- **EXERCISE DETAILS**: Having found the line that contains "145.3h.4l.1-.1 .4 .1a.35", please retype only it and every line after it up to the end of the entries, exactly as written.

[[ AVAILABLE DATA open ]]

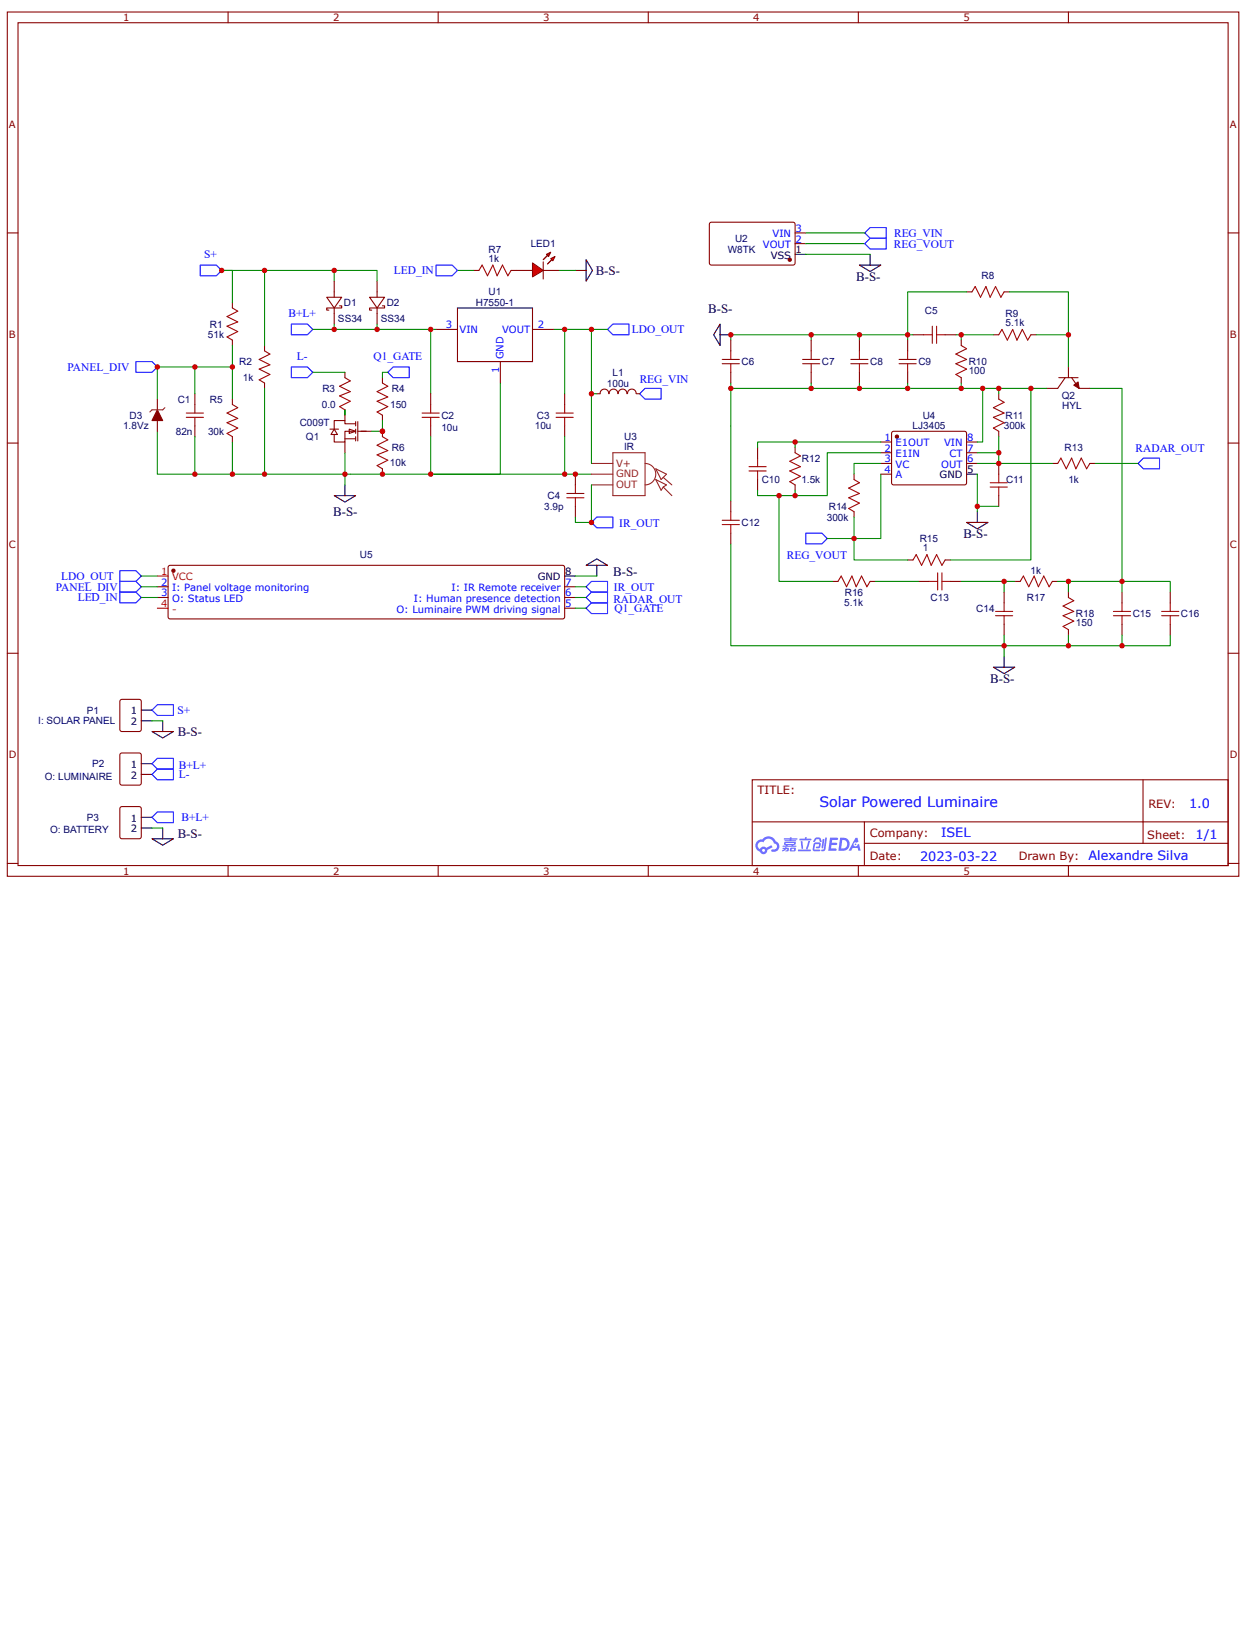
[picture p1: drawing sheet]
<svg xmlns="http://www.w3.org/2000/svg" width="216mm" height="279mm" viewBox="0 0 216 279" stroke-linecap="round" stroke-linejoin="round" font-family="sans-serif">
<g fill="none" stroke="#800" stroke-width=".18">
<path d="M1.3 2.1h211.1v148.1h-211.1zM3.1 3.9h207.5v144.5h-207.5zM39.1 2.1v1.8M75.1 2.1v1.8M111.2 2.1v1.8M147.2 2.1v1.8M183.2 2.1v1.8M1.3 39.9h1.8M210.6 39.9h1.8M1.3 75.9h1.8M210.6 75.9h1.8M1.3 112h1.8"/>
<path d="M210.6 112h1.8M129 133.7h81.6v14.7h-81.6zM196 133.7v10.9M1.3 148h1.8M39.1 148.4v1.8M75.1 148.4v1.8M111.2 148.4v1.8M129 140.9h81.5M147.2 148.4v1.8M148.2 144.6h62.3M148.2 140.9v7.3M183.2 148.4v1.8"/>
<path d="M210.6 148h1.8"/>
</g>
<g fill="#58f">
<path d="M142.3 143.6h1.4v.2l-.2 .2h-.8l-.1 .5h.8l.2 .2-.2 .1h-.8l-.1 .6h.8l.1 .1v.3h-1.4z"/>
<path d="M146.7 143.6h.3l.2 .7-.3 .1a.35 .35 0 0 0-.5 .2 .35 .35 0 0 0 .2 .5 .35 .35 0 0 0 .5-.3l.2-.2 .3 1.2h-.4l-.1-.5h-.9l-.2 .5h-.5z"/>
<path d="M141.1 143.8h.3l-.2 1.5-.2 .1-.1-.1z"/>
<path d="M141.5 143.6h.3l-.2 2a.41 .41 0 0 1-.3 .3 .41 .41 0 0 1-.5-.1l.5-.3z"/>
<path d="M139.8 143.7l.3-.1h.5l.3 .6-.3 .1-.2-.4h-.5a.39 .39 0 0 1-.4 .4l-.1-.1z"/>
<path d="M139.6 144.5l.9-.1a.55 .55 0 0 1 .2 .7 .55 .55 0 0 1-.7 .3l-.1-.1 .1-.1 .4-.1 .1-.4h-.7l-.2 .9h1v.3h-.9l-.3-.1v-.3z"/>
<path d="M136.9 145.6h2l.2 .2-.2 .1h-2z"/>
<path d="M138.6 144.2h.3a2.07 2.07 0 0 1-.6 1.4l-.1-.2z"/>
<path d="M137.3 144.2h.3l.1 1.2-.1 .1-.2-.1z"/>
<path d="M137.1 143.8h.9l.1-.3h.2v.3h.7l.2 .1-.2 .2h-1.8z"/>
<path d="M134.2 145.3h.4l.1-.1 .4 .1a.35 .35 0 0 1 .1 .6h-.5v-.1l.3-.1v-.1l-.2-.1-.6 .5-.1-.2 .4-.2h-.3z"/>
<path d="M134.4 143.7h1l.1-.2h.3l-.1 .2h.9l.2 .1-1.1 .1v.1h.7l.1 .1-.1 .1h-1.8l-.1-.2h.9v-.1h-.9z"/>
<path d="M144.1 143.6l-.3 2.2h.7a1.13 1.13 0 0 0 1.2-1.1 1.13 1.13 0 0 0-1.3-1.1zM144.4 144a.76 .76 0 0 1 .9 .8 .76 .76 0 0 1-1.1 .6z"/>
<path d="M134.5 144.4v.4h.2l.1 .2h-.6l.1 .2 2.2-.1v-.1h-.5l.2-.2a.33 .33 0 0 0 .2-.4zM134.8 144.5h1.4l-.1 .2h-1.3zM135 144.8h.7v.2h-.6z"/>
<path d="M135.6 145.3l-.1 .6h.7a.43 .43 0 0 0 .3-.6zM135.8 145.5h.4l-.1 .2h-.4z"/>
<path d="M129.8 144.2a1.07 1.07 0 0 0 .5 1.8 .65 .65 0 0 0 .8 .4 .65 .65 0 0 0 .5-.7l.9-.5-.2-.3-.9 .4-.1-.1a.64 .64 0 0 0-1 .3 .65 .65 0 0 1-.3-.9 .65 .65 0 0 1 .9-.2 .94 .94 0 0 1 1-.6 .94 .94 0 0 1 .8 .8 .54 .54 0 0 1 .5 .7 .54 .54 0 0 1-.7 .3l-.2 .2a.87 .87 0 0 0 1 0 .87 .87 0 0 0 .3-1l-.1-.3-.5-.3a1.37 1.37 0 0 0-2.3-.3h-.4zM130.7 145.8a.25 .25 0 0 1 .5 0 .25 .25 0 0 1-.5 0z"/>
<circle cx="146.7" cy="144.7" r=".14"/>
</g>
<path d="M63.4 51h2.6l-1.3 1.8zM64.7 48.2v2.8M64.7 52.8v2.7M65.6 52.4h.4v.4h-2.6v.4h.3M153 74l.3-.1 12.3 .1 .2 .3-.1 8.7-.3 .1h-12.3l-.2-.4v-8.4z" fill="none" stroke="#800" stroke-width=".18"/>
<circle cx="153.8" cy="74.8" r=".28" fill="#800"/>
<g fill="none" stroke="#800" stroke-width=".18">
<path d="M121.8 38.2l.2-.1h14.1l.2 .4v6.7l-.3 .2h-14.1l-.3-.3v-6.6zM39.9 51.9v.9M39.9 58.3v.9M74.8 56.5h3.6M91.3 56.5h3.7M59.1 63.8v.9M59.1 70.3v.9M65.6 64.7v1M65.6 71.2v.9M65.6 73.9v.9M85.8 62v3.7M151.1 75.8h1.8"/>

[[ AVAILABLE DATA closed ]]

- **EXERCISE RESULT**:
<path d="M134.2 145.3h.4l.1-.1 .4 .1a.35 .35 0 0 1 .1 .6h-.5v-.1l.3-.1v-.1l-.2-.1-.6 .5-.1-.2 .4-.2h-.3z"/>
<path d="M134.4 143.7h1l.1-.2h.3l-.1 .2h.9l.2 .1-1.1 .1v.1h.7l.1 .1-.1 .1h-1.8l-.1-.2h.9v-.1h-.9z"/>
<path d="M144.1 143.6l-.3 2.2h.7a1.13 1.13 0 0 0 1.2-1.1 1.13 1.13 0 0 0-1.3-1.1zM144.4 144a.76 .76 0 0 1 .9 .8 .76 .76 0 0 1-1.1 .6z"/>
<path d="M134.5 144.4v.4h.2l.1 .2h-.6l.1 .2 2.2-.1v-.1h-.5l.2-.2a.33 .33 0 0 0 .2-.4zM134.8 144.5h1.4l-.1 .2h-1.3zM135 144.8h.7v.2h-.6z"/>
<path d="M135.6 145.3l-.1 .6h.7a.43 .43 0 0 0 .3-.6zM135.8 145.5h.4l-.1 .2h-.4z"/>
<path d="M129.8 144.2a1.07 1.07 0 0 0 .5 1.8 .65 .65 0 0 0 .8 .4 .65 .65 0 0 0 .5-.7l.9-.5-.2-.3-.9 .4-.1-.1a.64 .64 0 0 0-1 .3 .65 .65 0 0 1-.3-.9 .65 .65 0 0 1 .9-.2 .94 .94 0 0 1 1-.6 .94 .94 0 0 1 .8 .8 .54 .54 0 0 1 .5 .7 .54 .54 0 0 1-.7 .3l-.2 .2a.87 .87 0 0 0 1 0 .87 .87 0 0 0 .3-1l-.1-.3-.5-.3a1.37 1.37 0 0 0-2.3-.3h-.4zM130.7 145.8a.25 .25 0 0 1 .5 0 .25 .25 0 0 1-.5 0z"/>
<circle cx="146.7" cy="144.7" r=".14"/>
</g>
<path d="M63.4 51h2.6l-1.3 1.8zM64.7 48.2v2.8M64.7 52.8v2.7M65.6 52.4h.4v.4h-2.6v.4h.3M153 74l.3-.1 12.3 .1 .2 .3-.1 8.7-.3 .1h-12.3l-.2-.4v-8.4z" fill="none" stroke="#800" stroke-width=".18"/>
<circle cx="153.8" cy="74.8" r=".28" fill="#800"/>
<g fill="none" stroke="#800" stroke-width=".18">
<path d="M121.8 38.2l.2-.1h14.1l.2 .4v6.7l-.3 .2h-14.1l-.3-.3v-6.6zM39.9 51.9v.9M39.9 58.3v.9M74.8 56.5h3.6M91.3 56.5h3.7M59.1 63.8v.9M59.1 70.3v.9M65.6 64.7v1M65.6 71.2v.9M65.6 73.9v.9M85.8 62v3.7M151.1 75.8h1.8"/>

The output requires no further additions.